彼らは明治という時代人の体質で、前をのみを見つめながら歩く。のぼってゆく坂の上の青い天にもし一朶(いちだ)の白い雲がかがやいているとすれば、それのみをみつめて坂をのぼってゆくであろう。

東西文化の架け橋 by 森 信三

(台頭する中国の影で求められる日本人の役割について示唆に富む指摘) 日本人は何ら固定した自らの思想体系を持っていないために、あらゆる他の思想を受け入れ、その真髄を摂取しつつ、いつしか自分のものに消化し融合する能力に秀でている。・・・我ら民族の使命は、人類が遥かなる未来において、いつかは成就するであろうところの「東西文化の融合」という究極の目的に対し、一つの縮図を提供すること。少なくともそのために一つの「架け橋」になることこそ、我ら民族に課せられた、おそらく唯一にしてかつ最大の使命というべきであろう。

渋沢栄一からの忠告

今日の企業家の多くは、国家や社会よりも第一に自己の利益に着眼するようになっておりはしないか。甚だしきに至っては、眼中に社会なく国家なく、ただ私利あるのみという振る舞いすら見受けることもあるが、明治初年の企業家に比べて、その心事の相違は如何であろう。

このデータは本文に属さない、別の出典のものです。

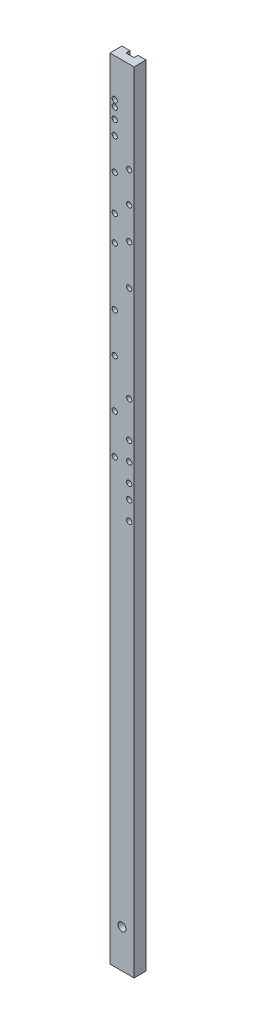
SolidWorks part; units mm, degrees
ref_plane "Front Plane" through (0, 0, 0) normal (0, 0, 1) x (1, 0, 0)
ref_plane "Top Plane" through (0, 0, 0) normal (0, 1, 0) x (1, 0, 0)
ref_plane "Right Plane" through (0, 0, 0) normal (1, 0, 0) x (0, 0, -1)
sketch "Sketch1" plane through (0, 0, 0) normal (1, 0, 0) x (0, 0, -1)
  line L1 (9.525, 622.3) -> (-9.525, 622.3)
  line L2 (9.525, 622.3) -> (9.525, -622.3)
  line L3 (9.525, -622.3) -> (-9.525, -622.3)
  line L4 (-9.525, 622.3) -> (-9.525, -622.3)
  line L5 (9.525, 622.3) -> (-9.525, -622.3) construction
  line L6 (9.525, -622.3) -> (-9.525, 622.3) construction
  point P0 (0, 0)
  dimension "D1" = 1244.6
  dimension "D2" = 19.05
extrude "Boss-Extrude1" add sketch "Sketch1" along normal mid plane 38.1
sketch "Sketch2" plane through (0, 0, 9.525) normal (0, 0, 1) x (1, 0, 0)
  line L0 (19.05, -622.3) -> (-19.05, -622.3) construction
  line L1 (0, -561.975) -> (0, -622.3) construction
  circle A0 centre (0, -561.975) radius 6.35
  dimension "D2" = 12.7
  dimension "D1" = 60.325
extrude "Cut-Extrude1" cut sketch "Sketch2" against normal through all
sketch "Sketch3" plane through (0, 0, 0) normal (1, 0, 0) x (0, 0, -1)
  line L0 (-41.275, -44.5492) -> (-50.8, -501.65)
  line L2 (-9.525, -622.3) -> (9.525, -622.3) construction
  line L3 (-52.3436, -222.1572) -> (-128.9079, -220.5617) construction
  line L4 (-44.159, -182.9492) -> (-58.8878, -182.6423)
  line L5 (-44.159, -182.9492) -> (-45.7994, -261.6721)
  line L6 (-45.7994, -261.6721) -> (-60.5282, -261.3652)
  line L7 (-58.8878, -182.6423) -> (-60.5282, -261.3652)
  line L8 (-44.159, -182.9492) -> (-60.5282, -261.3652) construction
  line L9 (-45.7994, -261.6721) -> (-58.8878, -182.6423) construction
  line L10 (-198.2402, -225.4684) -> (-59.8403, -228.3523)
  line L11 (-198.2402, -225.4684) -> (-197.9756, -212.7711)
  line L12 (-197.9756, -212.7711) -> (-59.5757, -215.6551)
  line L13 (-59.8403, -228.3523) -> (-59.5757, -215.6551)
  line L14 (-198.2402, -225.4684) -> (-59.5757, -215.6551) construction
  line L15 (-197.9756, -212.7711) -> (-59.8403, -228.3523) construction
  line L16 (-9.525, 622.3) -> (-9.525, -622.3) construction
  circle A0 centre (-46.0375, -273.0996) radius 228.6
  point P12 (-52.3436, -222.1572)
  point P13 (-128.9079, -220.5617)
  point P20 (-41.275, -501.65)
  point P21 (-41.275, -501.65)
  point P22 (-41.275, -501.65)
  point P23 (-66.8005, -501.65)
  point P24 (-65.2544, -229.6792)
  point P25 (-67.2565, -501.65)
  dimension "D1" = 457.2
  dimension "D2" = 31.75
  dimension "D3" = 120.65
  dimension "D4" = 12.7
  dimension "D5" = 138.43
  dimension "D6" = 78.74
  dimension "D7" = 14.732
  dimension "D8" = 41.275
  dimension "D9" = 177.8
ref_plane "Plane1" through (0, -223.151, 4.65) normal (0, 0.9998, -0.0208) x (0, 0.0208, 0.9998)
sketch "Sketch7" plane through (0, -223.151, 4.65) normal (0, 0.9998, -0.0208) x (0, 0.0208, 0.9998)
  line L0 (193.4999, 0) -> (55.0699, 0) construction
  line L1 (217.5832, 38.1) -> (55.0735, 38.1)
  line L2 (217.5832, 38.1) -> (217.5832, -38.1)
  line L3 (217.5832, -38.1) -> (55.0735, -38.1)
  line L4 (55.0735, 38.1) -> (55.0735, -38.1)
  line L5 (217.5832, 38.1) -> (55.0735, -38.1) construction
  line L6 (217.5832, -38.1) -> (55.0735, 38.1) construction
  point P0 (136.3283, 0)
  point P7 (55.2318, 38.1)
  point P8 (0, 0)
  point P9 (64.2735, -38.1)
  point P10 (0, 0)
  dimension "D1" = 76.2
sketch "Sketch4" plane through (0, 622.3, 0) normal (0, 1, 0) x (1, 0, 0)
  line L0 (19.05, 9.525) -> (-19.05, 9.525) construction
  line L1 (-6.35, 15.875) -> (6.35, 15.875)
  line L2 (-6.35, 15.875) -> (-6.35, 3.175)
  line L3 (-6.35, 3.175) -> (6.35, 3.175)
  line L4 (6.35, 15.875) -> (6.35, 3.175)
  line L5 (-6.35, 15.875) -> (6.35, 3.175) construction
  line L6 (-6.35, 3.175) -> (6.35, 15.875) construction
  point P0 (0, 9.525)
  dimension "D1" = 12.7
  dimension "D2" = 6.35
extrude "Cut-Extrude2" cut sketch "Sketch4" against normal through all
sketch "Sketch5" plane through (0, 0, 9.525) normal (0, 0, 1) x (1, 0, 0)
  line L0 (-11.43, 622.3) -> (-11.43, -622.3) construction
  line L1 (19.05, 622.3) -> (-19.05, 622.3) construction
  line L2 (19.05, -622.3) -> (-19.05, -622.3) construction
  line L3 (-11.43, -622.3) -> (11.43, -622.3) construction
  line L4 (11.43, -622.3) -> (11.43, 622.3) construction
  line L5 (11.43, 622.3) -> (-11.43, 622.3) construction
  line L6 (19.05, 622.3) -> (19.05, -622.3) construction
  line L7 (-19.05, 622.3) -> (-19.05, -622.3) construction
  circle A0 centre (-11.43, 513.3021) radius 1.905
  circle A1 centre (11.43, 478.2636) radius 1.905
  circle A2 centre (-11.43, 463.3456) radius 1.905
  circle A3 centre (11.43, 430.1139) radius 1.905
  circle A4 centre (-11.43, 407.0641) radius 1.905
  circle A5 centre (11.43, 379.8427) radius 1.905
  circle A6 centre (-11.43, 366.5515) radius 1.905
  circle A7 centre (11.43, 316.419) radius 1.905
  circle A8 centre (-11.43, 535.4221) radius 1.905
  circle A9 centre (-11.43, 552.285) radius 1.905
  circle A10 centre (-11.43, 562.4307) radius 1.905
  circle A11 centre (11.43, 165.1498) radius 1.905
  circle A12 centre (11.43, 108.4563) radius 1.905
  circle A13 centre (11.43, 79.0585) radius 1.905
  circle A14 centre (11.43, 49.6539) radius 1.905
  circle A15 centre (11.43, 27.0432) radius 1.905
  circle A16 centre (11.43, -2.1989) radius 1.905
  circle A17 centre (-11.43, 74.3869) radius 1.905
  circle A18 centre (-11.43, 137.0132) radius 1.905
  circle A19 centre (-11.43, 212.5967) radius 1.905
  circle A20 centre (-11.43, 275.1797) radius 1.905
  dimension "D3" = 3.81
  dimension "D1" = 7.62
  dimension "D2" = 7.62
extrude "Cut-Extrude3" cut sketch "Sketch5" against normal through all
sketch "Sketch6" plane through (0, 0, 9.525) normal (0, 0, 1) x (1, 0, 0)
  circle A0 centre (-11.43, 513.3021) radius 4.1275
  circle A1 centre (11.43, 478.2636) radius 4.1275
  circle A2 centre (-11.43, 463.3456) radius 4.1275
  circle A3 centre (11.43, 430.1139) radius 4.1275
  circle A4 centre (11.43, 379.8427) radius 4.1275
  circle A5 centre (11.43, 316.419) radius 4.1275
  circle A6 centre (-11.43, 366.5515) radius 4.1275
  circle A7 centre (-11.43, 407.0641) radius 4.1275
  circle A8 centre (-11.43, 562.4307) radius 4.1275
  circle A9 centre (-11.43, 552.285) radius 4.1275
  circle A10 centre (-11.43, 535.4221) radius 4.1275
  circle A11 centre (-11.43, 275.1797) radius 4.1275
  circle A12 centre (-11.43, 212.5967) radius 4.1275
  circle A13 centre (11.43, 165.1498) radius 4.1275
  circle A14 centre (-11.43, 137.0132) radius 4.1275
  circle A15 centre (11.43, 108.4563) radius 4.1275
  circle A16 centre (11.43, 79.0585) radius 4.1275
  circle A17 centre (-11.43, 74.3869) radius 4.1275
  circle A18 centre (11.43, 49.6539) radius 4.1275
  circle A19 centre (11.43, 27.0432) radius 4.1275
  circle A20 centre (11.43, -2.1989) radius 4.1275
  dimension "D1" = 8.255
extrude "Cut-Extrude4" cut sketch "Sketch6" against normal blind 7.747

経営者の眼中に国家も社会もない様では、その事業は永久的生命を保ちえるものいではあるまい。ただ目の前の利益にのみ固執し、国家社会と共に発展していくことを度外視するなら、事業の基礎堅実にして永久的の生命あることは望み得べからざる所である。

維新以来50年の間に長足の進歩とともに弊害も生じ、人は知識欲によってのみ走って、道義の念を失い、恩に報ゆるとか、義に勇むとか、長幼の序とか、忠信孝悌の道は大いに廃れた。軽佻浮薄の風習が段々強くなり、極端に言えば自己さえよければ他人はどうなってもいいという風に、西洋の良いことばかりでなく、悪い方も模倣してそれが増長してきたのが、わが国の今日の状況である。